**** Material to process
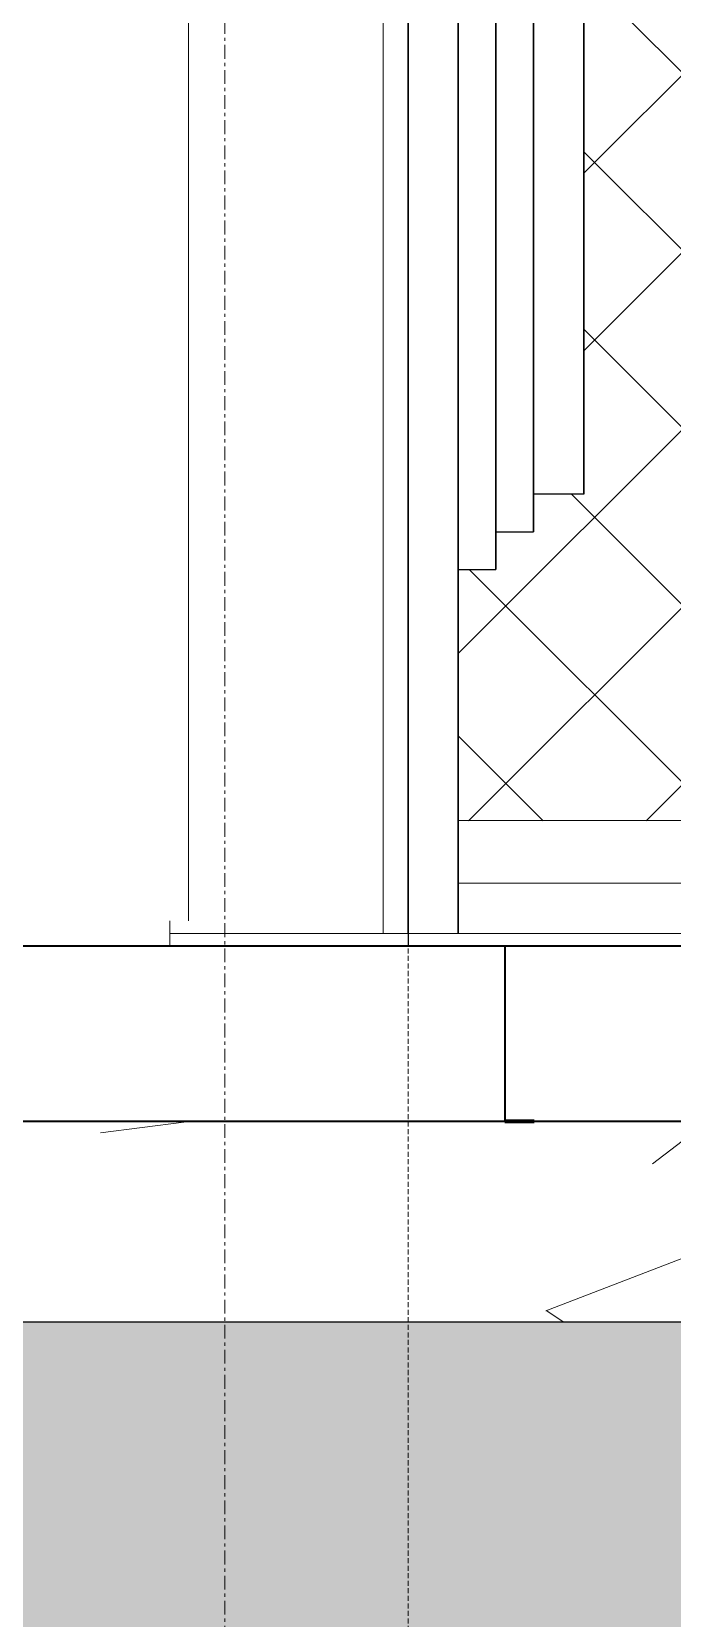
# Model space of a CAD drawing. Header units: millimetres. Extents: x 652554 to 1678317, y -308114 to 170803.
# Drawn here: x 755027 to 755282, y 153638 to 154270 of the extents above; entities that cross this region are included whole.
import ezdxf

# ---------------------------------------------------------------- set-up
doc = ezdxf.new("R2010")
doc.units = ezdxf.units.MM
for name, pattern in [('Centre', [31.749999999999996, 6.349999999999999, -4.7625, 15.875, -4.7625]), ('DPA_Grid _ Level 100', [10, 5.5, -1.6, 1.3, -1.6]), ('DPA_Hidden 50', [3, 2, -1])]:
    doc.linetypes.add(name, pattern=pattern)
doc.layers.add('000 - 0_HIDE_OBJ_FRAMING_DEF_SUB_1', color=251, linetype='Continuous')
doc.layers.add('DIM', color=1, linetype='Continuous')
for name, color, linetype, lineweight in [('A-DETL', 1, 'Continuous', 70), ('A-DETL-GENF', 2, 'Continuous', 35), ('A-DETL-THIN', 1, 'Continuous', 25), ('A-FLOR-E', 2, 'Continuous', 35), ('A-FLOR-FNSH', 2, 'Continuous', 70), ('A-FLOR-LEVL', 3, 'Continuous', 9), ('A-FLOR-PATT', 1, 'Continuous', 70), ('A-GENM', 1, 'Continuous', 9), ('A-GLAZ-CURT', 2, 'Continuous', 9), ('S-GRID', 251, 'Continuous', 9)]:
    doc.layers.add(name, color=color, linetype=linetype, lineweight=lineweight)

# ---------------------------------------------------------------- blocks, each defined once
blk = doc.blocks.new('DPA_CP_Fence Type D - Fence Post Left w MRTA Logo-15315861-2240-01 ENTRANCE 2 ELEVATION 2')
at = {"layer": 'A-GLAZ-CURT'}
h = blk.add_hatch(dxfattribs=at)
h.set_pattern_fill('FP_14', color=256, style=0, pattern_type=2)
h.set_pattern_definition([(45, (-16308.714, 101220), (-35.35533905932738, 35.35533905932738), []), (135, (-16308.714, 101220), (-35.35533905932738, -35.35533905932737), [])])
h.paths.add_polyline_path([(-16158.99284360619, 101269.8683475028), (-15621.49284360621, 101269.8683475028), (-15621.49284360621, 102030.0000000003), (-15623.49284360621, 102030.0000000003), (-15623.49284360621, 102080.0000000003), (-15621.49284360621, 102080.0000000003), (-15621.49284360621, 102180.0000000003), (-15601.29096996294, 102198.8990282256), (-15583.52570999661, 102209.8847019811), (-15565.03904005489, 102216.6499188311), (-15549.82816553666, 102219.0432060574), (-15538.99284360621, 102220.0000000003), (-15512.89202544471, 102216.395604002), (-15498.01275869091, 102211.2965206788), (-15485.19939820054, 102204.3264668591), (-15471.57405670641, 102194.9377364324), (-15456.49284360621, 102180.0000000003), (-15456.49284360621, 102080.0000000003), (-15454.49284360622, 102080.0000000003), (-15454.49284360622, 102030.0000000003), (-15456.49284360621, 102030.0000000003), (-15456.49284360621, 101450.0000000003), (-15121.20978921773, 101450.0000000003), (-15121.20978921773, 101320.0000000002), (-15034.59933444694, 101320.0000000001), (-15035.11016279712, 103151.6860431804), (-15051.01090235208, 103162.2973133036), (-15068.53149928672, 103168.4472148159), (-15083.71358904889, 103170.1316524979), (-16178.99284360621, 103170.1316524979), (-16178.99284360622, 102049.9999999999), (-16158.99284360622, 102049.9999999999), (-16158.99284360622, 102170.0000000003), (-16143.99284360621, 102170.0000000003), (-16143.99284360621, 102155.0000000003), (-16128.99284360622, 102155.0000000003), (-16128.99284360622, 102140.0000000003), (-16108.99284360621, 102140.0000000003), (-16108.99284360621, 101400.0000000003), (-16128.99284360622, 101400.0000000003), (-16128.99284360622, 101385.0000000003), (-16143.99284360621, 101385.0000000003), (-16143.99284360621, 101370.0000000003), (-16158.99284360622, 101370.0000000003), (-16158.99284360622, 101311.2848782787)])
h.paths.add_polyline_path([(-15502.00273698123, 102212.9981524992), (-15503.49739282399, 102213.447769165), (-15503.29250435286, 102213.3672510129)])
for p, q in [((-15621.36063437321, 101270.0000000003), (-16158.99284360619, 101270.0000000003)), ((-16158.99284360618, 101245.0000000002), (-15621.44326514382, 101245.0000000002)), ((-15621.44326514382, 101245.0000000002), (-16158.99284360618, 101245.0000000002))]:
    blk.add_line(p, q, dxfattribs=at)
blk = doc.blocks.new('System Panel - Facade Base Panel 20mm-12124468-2240-01 ENTRANCE 2 ELEVATION 2')
at = {"layer": 'A-GLAZ-CURT'}
blk.add_line((-16188.99285879998, 101225.0000000002), (-16188.99285879998, 102449.9999999997), dxfattribs=at)
blk = doc.blocks.new('DPA_CP_Entrance Facade Base Panel - Facade Base Panel-12124368-2240-01 ENTRANCE 2 ELEVATION 2')
at = {"layer": '000 - 0_HIDE_OBJ_FRAMING_DEF_SUB_1'}
for p, q in [((-16178.99284360621, 101225.0000000002), (-16178.99284360621, 102449.9999999997)), ((-16178.99284360621, 102449.9999999997), (-16178.99284360621, 101225.0000000002)), ((-16158.99284360621, 102170.0000000002), (-16158.99284360621, 101370.0000000002)), ((-16158.99284360621, 101370.0000000002), (-16158.99284360621, 102170.0000000002)), ((-16143.9928436062, 101370.0000000002), (-16143.9928436062, 102170.0000000002)), ((-16143.9928436062, 102155.0000000002), (-16143.9928436062, 101385.0000000002)), ((-16128.99284360621, 101385.0000000002), (-16128.99284360621, 102155.0000000002)), ((-16158.99284360621, 101400.0000000002), (-16158.99284360621, 102140.0000000002)), ((-16158.99284360621, 102140.0000000002), (-16158.99284360621, 101400.0000000002)), ((-16158.99284360621, 102140.0000000002), (-16158.99284360621, 101400.0000000002)), ((-16158.99284360621, 101400.0000000002), (-16158.99284360621, 102140.0000000002)), ((-16128.99284360621, 102140.0000000002), (-16128.99284360621, 101400.0000000002)), ((-16108.99284360621, 102140.0000000002), (-16108.99284360621, 101400.0000000002)), ((-16108.99284360621, 101400.0000000002), (-16108.99284360621, 102140.0000000002)), ((-16178.99284360621, 102049.9999999997), (-16178.99284360621, 101225.0000000002)), ((-16178.99284360621, 102049.9999999997), (-16178.99284360621, 101225.0000000002)), ((-16158.99284360618, 101225.0000000002), (-16158.99284360618, 102049.9999999997)), ((-16158.99284360619, 102049.9999999997), (-16158.99284360619, 101225.0000000002)), ((-16143.99284360621, 101400.0000000002), (-16143.99284360621, 101370.0000000002)), ((-16143.99284360621, 101385.0000000002), (-16143.99284360621, 101400.0000000002)), ((-16128.99284360621, 101400.0000000002), (-16128.99284360621, 101385.0000000002)), ((-16108.99284360621, 101400.0000000002), (-16128.99284360621, 101400.0000000002)), ((-16108.99284360621, 101400.0000000002), (-16128.99284360621, 101400.0000000002)), ((-16143.9928436062, 101385.0000000002), (-16128.99284360621, 101385.0000000002)), ((-16143.99284360621, 101385.0000000002), (-16128.99284360621, 101385.0000000002)), ((-16158.99284360621, 101370.0000000002), (-16143.9928436062, 101370.0000000002)), ((-16158.99284360621, 101370.0000000002), (-16143.99284360621, 101370.0000000002))]:
    blk.add_line(p, q, dxfattribs=at)
blk = doc.blocks.new('DPA_CP_Entrance Facade Base Panel - Facade Base Panel-V375-2240-01 ENTRANCE 2 ELEVATION 2')
at = {"layer": 'A-GLAZ-CURT'}
for p, q in [((-16178.99284360621, 101225.0000000002), (-16178.99284360621, 102449.9999999997)), ((-16178.99284360621, 102449.9999999997), (-16178.99284360621, 101225.0000000002)), ((-16158.99284360621, 102170.0000000002), (-16158.99284360621, 101370.0000000002)), ((-16158.99284360622, 101370.0000000002), (-16158.99284360622, 102170.0000000002)), ((-16158.99284360621, 101400.0000000002), (-16158.99284360621, 102140.0000000002)), ((-16158.99284360622, 102140.0000000002), (-16158.99284360622, 101400.0000000002)), ((-16158.99284360622, 102140.0000000002), (-16158.99284360622, 101400.0000000002)), ((-16158.99284360621, 101400.0000000002), (-16158.99284360621, 102140.0000000002)), ((-16108.99284360621, 102140.0000000002), (-16108.99284360621, 101400.0000000002)), ((-16108.99284360622, 101400.0000000002), (-16108.99284360622, 102140.0000000002)), ((-16178.99284360621, 102049.9999999997), (-16178.99284360621, 101225.0000000002)), ((-16178.99284360622, 102049.9999999997), (-16178.99284360622, 101225.0000000002)), ((-16158.99284360619, 101225.0000000002), (-16158.99284360619, 102049.9999999997)), ((-16158.99284360619, 102049.9999999997), (-16158.99284360619, 101225.0000000002)), ((-16143.99284360621, 101370.0000000002), (-16143.99284360621, 101400.0000000002)), ((-16143.99284360622, 101400.0000000002), (-16143.99284360622, 101370.0000000002)), ((-16143.99284360621, 101400.0000000002), (-16143.99284360621, 101385.0000000002)), ((-16143.99284360622, 101385.0000000002), (-16143.99284360622, 101400.0000000002)), ((-16128.99284360621, 101385.0000000002), (-16128.99284360621, 101400.0000000002)), ((-16128.99284360622, 101400.0000000002), (-16128.99284360622, 101385.0000000002)), ((-16108.99284360622, 101400.0000000002), (-16128.99284360621, 101400.0000000002)), ((-16108.99284360621, 101400.0000000002), (-16128.99284360621, 101400.0000000002)), ((-16143.99284360621, 101385.0000000002), (-16128.99284360621, 101385.0000000002)), ((-16143.99284360622, 101385.0000000002), (-16128.99284360622, 101385.0000000002)), ((-16158.99284360621, 101370.0000000002), (-16143.99284360621, 101370.0000000002)), ((-16158.99284360622, 101370.0000000002), (-16143.99284360622, 101370.0000000002))]:
    blk.add_line(p, q, dxfattribs=at)
blk = doc.blocks.new('DPA_CP_Entrance Facade Base Panel - Facade Base Panel-12124438-2240-01 ENTRANCE 2 ELEVATION 2')
at = {"layer": 'A-GLAZ-CURT'}
for p, q in [((-16178.99284360623, 101225.0000000002), (-16178.99284360623, 102449.9999999997)), ((-16178.99284360623, 102449.9999999997), (-16178.99284360623, 101225.0000000002)), ((-16158.99284360623, 102170.0000000002), (-16158.99284360623, 101370.0000000002)), ((-16158.99284360623, 101370.0000000002), (-16158.99284360623, 102170.0000000002)), ((-16158.99284360623, 101400.0000000002), (-16158.99284360623, 102140.0000000002)), ((-16158.99284360623, 102140.0000000002), (-16158.99284360623, 101400.0000000002)), ((-16158.99284360623, 102140.0000000002), (-16158.99284360623, 101400.0000000002)), ((-16158.99284360623, 101400.0000000002), (-16158.99284360623, 102140.0000000002)), ((-16108.99284360623, 102140.0000000002), (-16108.99284360623, 101400.0000000002)), ((-16108.99284360623, 101400.0000000002), (-16108.99284360623, 102140.0000000002)), ((-16178.99284360623, 102049.9999999997), (-16178.99284360623, 101225.0000000002)), ((-16178.99284360623, 102049.9999999997), (-16178.99284360623, 101225.0000000002)), ((-16158.9928436062, 101225.0000000002), (-16158.9928436062, 102049.9999999997)), ((-16158.9928436062, 102049.9999999997), (-16158.9928436062, 101225.0000000002)), ((-16143.99284360623, 101370.0000000002), (-16143.99284360623, 101400.0000000002)), ((-16143.99284360623, 101400.0000000002), (-16143.99284360623, 101370.0000000002)), ((-16143.99284360623, 101400.0000000002), (-16143.99284360623, 101385.0000000002)), ((-16143.99284360623, 101385.0000000002), (-16143.99284360623, 101400.0000000002)), ((-16128.99284360623, 101385.0000000002), (-16128.99284360623, 101400.0000000002)), ((-16128.99284360623, 101400.0000000002), (-16128.99284360623, 101385.0000000002)), ((-16108.99284360623, 101400.0000000002), (-16128.99284360621, 101400.0000000002)), ((-16108.99284360623, 101400.0000000002), (-16128.99284360621, 101400.0000000002)), ((-16143.99284360623, 101385.0000000002), (-16128.99284360623, 101385.0000000002)), ((-16143.99284360623, 101385.0000000002), (-16128.99284360623, 101385.0000000002)), ((-16158.99284360623, 101370.0000000002), (-16143.99284360623, 101370.0000000002)), ((-16158.99284360623, 101370.0000000002), (-16143.99284360623, 101370.0000000002))]:
    blk.add_line(p, q, dxfattribs=at)
blk = doc.blocks.new('BOLLARD - BOLLARD-V453-2240-01 ENTRANCE 2 ELEVATION 2')
at = {"layer": 'A-GENM'}
for p, q in [((-16266.49284376932, 101230.0000000003), (-16266.49284376932, 102180.0000000003)), ((-16273.99284376933, 101220.0000000001), (-16273.99284376933, 101230.0000000003))]:
    blk.add_line(p, q, dxfattribs=at)
blk = doc.blocks.new('DPA_Drainage Gutter_Landscape_Type A - DPA_Drainage Gutter_Landscape_Type A-17303507-2240-01 ENTRANCE 2 ELEVATION 2')
at = {"layer": 'A-GENM'}
for p, q in [((-16274.12259456616, 101225.0000000002), (-15826.30535629656, 101225.0000000002)), ((-16023.80535629648, 101225.0000000002), (-16274.12259456616, 101225.0000000002)), ((-16249.44885731194, 101225.0000000002), (-16274.12259456616, 101225.0000000002)), ((-16274.12259456616, 101225.0000000002), (-16238.19052706274, 101225.0000000002)), ((-16266.76936538763, 101225.0000000002), (-16274.12259456616, 101225.0000000002)), ((-16274.12259456616, 101225.0000000002), (-16255.51103513843, 101225.0000000002)), ((-16272.83154321412, 101225.0000000002), (-16274.12259456616, 101225.0000000002)), ((-16274.12259456616, 101225.0000000002), (-16272.83154321412, 101225.0000000002)), ((-16241.83987346334, 101225.0000000002), (-16274.12259456616, 101225.0000000002)), ((-16274.12259456616, 101225.0000000002), (-16269.33154321412, 101225.0000000002)), ((-16259.16038153903, 101225.0000000002), (-16274.12259456616, 101225.0000000002)), ((-16274.12259456616, 101225.0000000002), (-16247.90205128983, 101225.0000000002)), ((-16265.22255936552, 101225.0000000002), (-16274.12259456616, 101225.0000000002)), ((-16274.12259456616, 101225.0000000002), (-16265.22255936552, 101225.0000000002)), ((-15835.86753412304, 101225.0000000002), (-16274.12259456616, 101225.0000000002)), ((-16274.12259456616, 101225.0000000002), (-15885.86753412303, 101225.0000000002)), ((-15973.86753412299, 101225.0000000002), (-16274.12259456616, 101225.0000000002)), ((-16274.12259456616, 101225.0000000002), (-16023.86753412297, 101225.0000000002)), ((-16232.12834923625, 101225.0000000002), (-16270.87834923623, 101225.0000000002)), ((-16270.87834923623, 101225.0000000002), (-16259.62001898703, 101225.0000000002)), ((-16269.33154321412, 101225.0000000002), (-16230.58154321414, 101225.0000000002)), ((-16255.51103513843, 101225.0000000002), (-16266.76936538763, 101225.0000000002)), ((-16224.51936538764, 101225.0000000002), (-16263.26936538763, 101225.0000000002)), ((-16263.26936538763, 101225.0000000002), (-16252.01103513843, 101225.0000000002)), ((-16259.62001898703, 101225.0000000002), (-16220.87001898705, 101225.0000000002)), ((-16247.90205128983, 101225.0000000002), (-16259.16038153903, 101225.0000000002)), ((-16214.80784116056, 101225.0000000002), (-16253.55784116054, 101225.0000000002)), ((-16253.55784116054, 101225.0000000002), (-16242.29951091134, 101225.0000000002)), ((-16252.01103513843, 101225.0000000002), (-16213.26103513845, 101225.0000000002)), ((-16238.19052706274, 101225.0000000002), (-16249.44885731194, 101225.0000000002)), ((-16207.19885731195, 101225.0000000002), (-16245.94885731194, 101225.0000000002)), ((-16245.94885731194, 101225.0000000002), (-16234.69052706274, 101225.0000000002)), ((-16242.29951091134, 101225.0000000002), (-16203.54951091136, 101225.0000000002)), ((-16230.58154321414, 101225.0000000002), (-16241.83987346334, 101225.0000000002)), ((-16197.48733308487, 101225.0000000002), (-16236.23733308485, 101225.0000000002)), ((-16236.23733308485, 101225.0000000002), (-16224.97900283565, 101225.0000000002)), ((-16234.69052706274, 101225.0000000002), (-16195.94052706276, 101225.0000000002)), ((-16220.87001898705, 101225.0000000002), (-16232.12834923625, 101225.0000000002)), ((-16189.87834923626, 101225.0000000002), (-16228.62834923625, 101225.0000000002)), ((-16228.62834923625, 101225.0000000002), (-16217.37001898705, 101225.0000000002)), ((-16224.97900283565, 101225.0000000002), (-16186.22900283567, 101225.0000000002)), ((-16213.26103513845, 101225.0000000002), (-16224.51936538764, 101225.0000000002)), ((-16180.16682500918, 101225.0000000002), (-16218.91682500916, 101225.0000000002)), ((-16218.91682500916, 101225.0000000002), (-16207.65849475996, 101225.0000000002)), ((-16217.37001898705, 101225.0000000002), (-16178.62001898707, 101225.0000000002)), ((-16203.54951091136, 101225.0000000002), (-16214.80784116056, 101225.0000000002)), ((-16172.55784116057, 101225.0000000002), (-16211.30784116056, 101225.0000000002)), ((-16211.30784116056, 101225.0000000002), (-16200.04951091136, 101225.0000000002)), ((-16207.65849475996, 101225.0000000002), (-16168.90849475998, 101225.0000000002)), ((-16195.94052706276, 101225.0000000002), (-16207.19885731195, 101225.0000000002)), ((-16162.84631693348, 101225.0000000002), (-16201.59631693347, 101225.0000000002)), ((-16201.59631693347, 101225.0000000002), (-16190.33798668427, 101225.0000000002)), ((-16200.04951091136, 101225.0000000002), (-16161.29951091137, 101225.0000000002)), ((-16186.22900283567, 101225.0000000002), (-16197.48733308487, 101225.0000000002)), ((-16155.23733308488, 101225.0000000002), (-16193.98733308487, 101225.0000000002)), ((-16193.98733308487, 101225.0000000002), (-16182.72900283567, 101225.0000000002)), ((-16190.33798668427, 101225.0000000002), (-16151.58798668429, 101225.0000000002)), ((-16178.62001898707, 101225.0000000002), (-16189.87834923626, 101225.0000000002)), ((-16145.52580885779, 101225.0000000002), (-16184.27580885778, 101225.0000000002)), ((-16184.27580885778, 101225.0000000002), (-16173.01747860858, 101225.0000000002)), ((-16182.72900283567, 101225.0000000002), (-16143.97900283568, 101225.0000000002)), ((-16168.90849475998, 101225.0000000002), (-16180.16682500918, 101225.0000000002)), ((-16137.91682500919, 101225.0000000002), (-16176.66682500918, 101225.0000000002)), ((-16176.66682500918, 101225.0000000002), (-16165.40849475998, 101225.0000000002)), ((-16173.01747860858, 101225.0000000002), (-16134.2674786086, 101225.0000000002)), ((-16161.29951091137, 101225.0000000002), (-16172.55784116057, 101225.0000000002)), ((-16128.86683679676, 101225.0000000002), (-16166.95530078209, 101225.0000000002)), ((-16166.95530078209, 101225.0000000002), (-16155.69697053289, 101225.0000000002)), ((-16165.40849475998, 101225.0000000002), (-16126.65849475999, 101225.0000000002)), ((-16151.58798668429, 101225.0000000002), (-16162.84631693348, 101225.0000000002)), ((-16120.5963169335, 101225.0000000002), (-16159.34631693348, 101225.0000000002)), ((-16159.34631693348, 101225.0000000002), (-16148.08798668429, 101225.0000000002)), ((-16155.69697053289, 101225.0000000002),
********
[Exercise instructions] Among the lines above, list those that contain the word "layers".

[Answer]
doc.layers.add('000 - 0_HIDE_OBJ_FRAMING_DEF_SUB_1', color=251, linetype='Continuous')
doc.layers.add('DIM', color=1, linetype='Continuous')
    doc.layers.add(name, color=color, linetype=linetype, lineweight=lineweight)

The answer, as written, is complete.